Examples include libraries like TensorFlow and PyTorch, which not only have comprehensive documentation but also massive community support.
#5: Check Recent Updates and Maintenance
A library that is actively maintained and regularly updated is crucial, especially to keep up with new trends and improvements in data science methodologies. Check the library’s repository for recent commits, releases, and the responsiveness of maintainers to issues and pull requests.
#6: Review Features and Capabilities
If you followed the tips in the previous steps, you now have a list of potential top libraries that meet your basic criteria. Thus, it’s time to compare their features and capabilities. There are three key aspects to consider:
- Functionality: Assess whether the library has all the features you need based on its documentation.
- Performance and Scalability: Some libraries are better suited for large datasets or distributed computing than others. If your work involves large volumes of data, consider performance-focused libraries like Dask or Vaex for handling big data sets, or PySpark for distributed data processing. The performance benchmarks available can be evaluated in the library's documentation or through independent reviews.

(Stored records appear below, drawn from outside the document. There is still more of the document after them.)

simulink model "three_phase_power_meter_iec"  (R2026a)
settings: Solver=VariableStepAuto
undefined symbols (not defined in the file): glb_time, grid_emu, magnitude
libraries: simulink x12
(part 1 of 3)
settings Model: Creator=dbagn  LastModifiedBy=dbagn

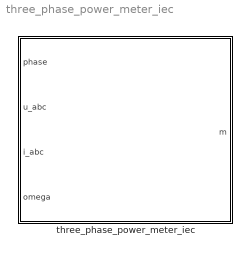
== system three_phase_power_meter_iec ==
  three_phase_power_meter_iec : Subsystem  mask{period=pi/grid_emu.omega_grid_nom, ts=glb_time.ts_afe, enable_time=0.025}
      mask prompts: period "period (s)"; ts "sampling time (s)"; enable_time "enable_time (s)"

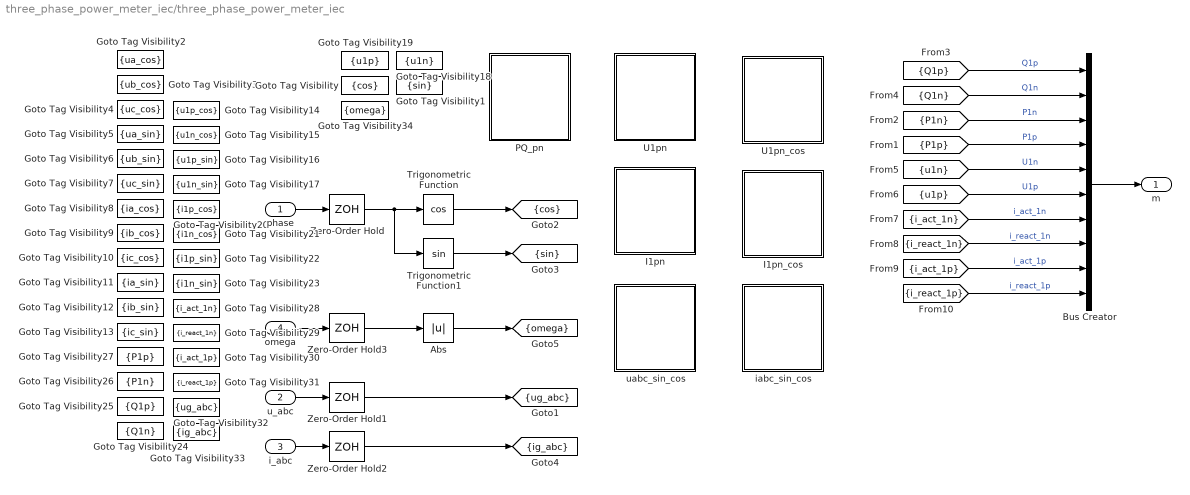
== system three_phase_power_meter_iec/three_phase_power_meter_iec ==
  phase : Inport
  u_abc : Inport  Port=2
  i_abc : Inport  Port=3
  omega : Inport  Port=4
  Abs : Abs  SaturateOnIntegerOverflow=off
  Bus Creator : BusCreator  Inputs=10
  Goto Tag Visibility : GotoTagVisibility  GotoTag=cos
  Goto Tag Visibility1 : GotoTagVisibility  GotoTag=sin
  Goto Tag Visibility10 : GotoTagVisibility  GotoTag=ic_cos
  Goto Tag Visibility11 : GotoTagVisibility  GotoTag=ia_sin
  Goto Tag Visibility12 : GotoTagVisibility  GotoTag=ib_sin
  Goto Tag Visibility13 : GotoTagVisibility  GotoTag=ic_sin
  Goto Tag Visibility14 : GotoTagVisibility  GotoTag=u1p_cos
  Goto Tag Visibility15 : GotoTagVisibility  GotoTag=u1n_cos
  Goto Tag Visibility16 : GotoTagVisibility  GotoTag=u1p_sin
  Goto Tag Visibility17 : GotoTagVisibility  GotoTag=u1n_sin
  Goto Tag Visibility18 : GotoTagVisibility  GotoTag=u1n
  Goto Tag Visibility19 : GotoTagVisibility  GotoTag=u1p
  Goto Tag Visibility2 : GotoTagVisibility  GotoTag=ua_cos
  Goto Tag Visibility20 : GotoTagVisibility  GotoTag=i1p_cos
  Goto Tag Visibility21 : GotoTagVisibility  GotoTag=i1n_cos
  Goto Tag Visibility22 : GotoTagVisibility  GotoTag=i1p_sin
  Goto Tag Visibility23 : GotoTagVisibility  GotoTag=i1n_sin
  Goto Tag Visibility24 : GotoTagVisibility  GotoTag=Q1n
  Goto Tag Visibility25 : GotoTagVisibility  GotoTag=Q1p
  Goto Tag Visibility26 : GotoTagVisibility  GotoTag=P1n
  Goto Tag Visibility27 : GotoTagVisibility  GotoTag=P1p
  Goto Tag Visibility28 : GotoTagVisibility  GotoTag=i_act_1n
  Goto Tag Visibility29 : GotoTagVisibility  GotoTag=i_react_1n
  Goto Tag Visibility3 : GotoTagVisibility  GotoTag=ub_cos
  Goto Tag Visibility30 : GotoTagVisibility  GotoTag=i_act_1p
  Goto Tag Visibility31 : GotoTagVisibility  GotoTag=i_react_1p
  Goto Tag Visibility32 : GotoTagVisibility  GotoTag=ug_abc
  Goto Tag Visibility33 : GotoTagVisibility  GotoTag=ig_abc
  Goto Tag Visibility34 : GotoTagVisibility  GotoTag=omega
  Goto Tag Visibility4 : GotoTagVisibility  GotoTag=uc_cos
  Goto Tag Visibility5 : GotoTagVisibility  GotoTag=ua_sin
  Goto Tag Visibility6 : GotoTagVisibility  GotoTag=ub_sin
  Goto Tag Visibility7 : GotoTagVisibility  GotoTag=uc_sin
  Goto Tag Visibility8 : GotoTagVisibility  GotoTag=ia_cos
  Goto Tag Visibility9 : GotoTagVisibility  GotoTag=ib_cos
  I1pn : Subsystem
  I1pn_cos : Subsystem
  PQ_pn : Subsystem
  Trigonometric Function : Trigonometry  Operator=cos
  Trigonometric Function1 : Trigonometry
  U1pn : Subsystem
  U1pn_cos : Subsystem
  Zero-Order Hold{,1..3} (4 alike) : ZeroOrderHold  SampleTime=ts
  iabc_sin_cos : Subsystem
  uabc_sin_cos : Subsystem
  m : Outport
  tag scope: cos=scoped, ig_abc=scoped, omega=scoped, sin=scoped, ug_abc=scoped
  wires:
  Abs/1 -> [omega]
  [Q1p] -> Bus Creator/1  "Q1p"
  [Q1n] -> Bus Creator/2  "Q1n"
  [P1n] -> Bus Creator/3  "P1n"
  [P1p] -> Bus Creator/4  "P1p"
  Zero-Order Hold3/1 -> Abs/1
  omega/1 -> Zero-Order Hold3/1
  Zero-Order Hold1/1 -> [ug_abc]
  Zero-Order Hold2/1 -> [ig_abc]
  Zero-Order Hold/1 -> Trigonometric Function1/1, Trigonometric Function/1
  Bus Creator/1 -> m/1
  i_abc/1 -> Zero-Order Hold2/1
  u_abc/1 -> Zero-Order Hold1/1
  [i_react_1p] -> Bus Creator/10  "i_react_1p"
  [i_act_1p] -> Bus Creator/9  "i_act_1p"
  [i_react_1n] -> Bus Creator/8  "i_react_1n"
  [i_act_1n] -> Bus Creator/7  "i_act_1n"
  [u1p] -> Bus Creator/6  "U1p"
  [u1n] -> Bus Creator/5  "U1n"
  phase/1 -> Zero-Order Hold/1
  Trigonometric Function/1 -> [cos]
  Trigonometric Function1/1 -> [sin]

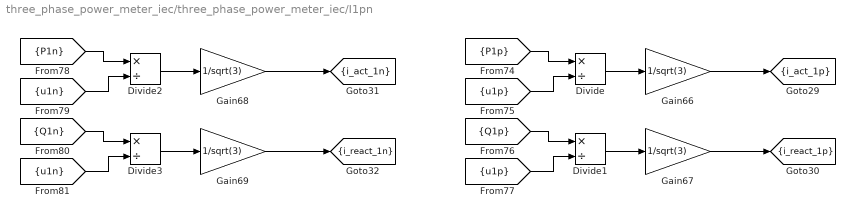
== system three_phase_power_meter_iec/three_phase_power_meter_iec/I1pn ==
  Divide{,1..3} (4 alike) : Product  Inputs=*/
  Gain{66..69} (4 alike) : Gain  Gain=1/sqrt(3)
  tag scope: i_act_1n=scoped, i_act_1p=scoped, i_react_1n=scoped, i_react_1p=scoped
  wires:
  [P1n] -> Divide2/1
  [Q1n] -> Divide3/1
  [u1n] -> Divide3/2
  [Q1p] -> Divide1/1
  Gain69/1 -> [i_react_1n]
  [u1p] -> Divide/2
  Divide/1 -> Gain66/1
  Divide3/1 -> Gain69/1
  Divide1/1 -> Gain67/1
  Gain66/1 -> [i_act_1p]
  [u1n] -> Divide2/2
  Gain67/1 -> [i_react_1p]
  [u1p] -> Divide1/2
  Gain68/1 -> [i_act_1n]
  Divide2/1 -> Gain68/1
  [P1p] -> Divide/1

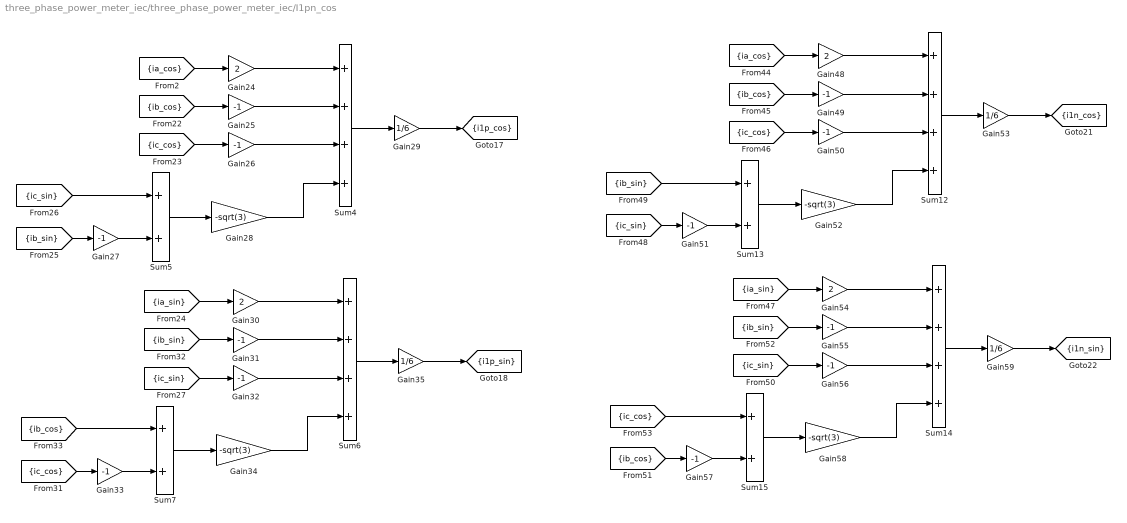
== system three_phase_power_meter_iec/three_phase_power_meter_iec/I1pn_cos ==
  Gain{24,30,48,54} (4 alike) : Gain  Gain=2
  Gain{25..27,31..33,49..51,55..57} (12 alike) : Gain  Gain=-1
  Gain{28,34,52,58} (4 alike) : Gain  Gain=-sqrt(3)
  Gain{29,35,53,59} (4 alike) : Gain  Gain=1/6
  Sum{4,6,12,14} (4 alike) : Sum  Inputs=++++
  Sum{5,7,13,15} (4 alike) : Sum
  tag scope: i1n_cos=scoped, i1n_sin=scoped, i1p_cos=scoped, i1p_sin=scoped
  wires:
  Gain57/1 -> Sum15/2
  [ib_cos] -> Gain25/1
  Sum15/1 -> Gain58/1
  Gain50/1 -> Sum12/3
  [ib_sin] -> Gain31/1
  Gain56/1 -> Sum14/3
  [ic_cos] -> Gain50/1
  Gain48/1 -> Sum12/1
  [ia_sin] -> Gain30/1
  Gain51/1 -> Sum13/2
  Sum6/1 -> Gain35/1
  Gain59/1 -> [i1n_sin]
  Gain58/1 -> Sum14/4
  Gain26/1 -> Sum4/3
  [ib_sin] -> Gain55/1
  Gain32/1 -> Sum6/3
  Gain28/1 -> Sum4/4
  [ia_cos] -> Gain24/1
  Gain34/1 -> Sum6/4
  [ic_cos] -> Sum15/1
  [ib_cos] -> Gain57/1
  Gain33/1 -> Sum7/2
  Sum5/1 -> Gain28/1
  Sum7/1 -> Gain34/1
  Gain53/1 -> [i1n_cos]
  [ib_sin] -> Gain27/1
  Gain25/1 -> Sum4/2
  [ic_sin] -> Gain56/1
  [ib_sin] -> Sum13/1
  [ib_cos] -> Gain49/1
  Gain24/1 -> Sum4/1
  Sum4/1 -> Gain29/1
  Sum13/1 -> Gain52/1
  [ia_sin] -> Gain54/1
  [ia_cos] -> Gain48/1
  [ic_cos] -> Gain26/1
  Gain30/1 -> Sum6/1
  [ic_sin] -> Sum5/1
  Gain55/1 -> Sum14/2
  [ic_cos] -> Gain33/1
  [ic_sin] -> Gain32/1
  Gain29/1 -> [i1p_cos]
  [ic_sin] -> Gain51/1
  Sum14/1 -> Gain59/1
  Gain31/1 -> Sum6/2
  Gain52/1 -> Sum12/4
  [ib_cos] -> Sum7/1
  Gain54/1 -> Sum14/1
  Gain49/1 -> Sum12/2
  Gain27/1 -> Sum5/2
  Sum12/1 -> Gain53/1
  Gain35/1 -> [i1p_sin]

- Compatibility with Other Tools: Ensure the library works well with other tools in your data stack. For instance, if you use Jupyter Notebooks extensively, ensure that your chosen library integrates smoothly with Jupyter. Similarly, if your project involves a web framework like Django or Flask, check for compatibility or existing integrations.
#7: Try Out the Library
Finally, the best way to know if a library suits your needs is to try it out. Implement a small pilot project or a few test scripts to get a feel for the library’s API and see if it fits your working style and meets the project requirements.
Final Thoughts
Choosing the right Python library requires a balance of statistics, professional judgement, and curiosity. By following these tips, you can make an informed decision when selecting the library that best fits your data analysis and data science projects.
REFERENCES
- "Home Page." Pepy, no date, www.pepy.tech.
- "Home Page." PyPI Stats, no date, www.pypistats.org.
- "Home Page." Python Package Index, no date, www.pypi.org.
- "Home Page." GitHub, no date, www.github.com
- "Home Page." Libraries.io, no date, www.libraries.io.
- "How to Evaluate the Quality of Python Packages." Real Python, no date, www.realpython.com/python-package-quality/.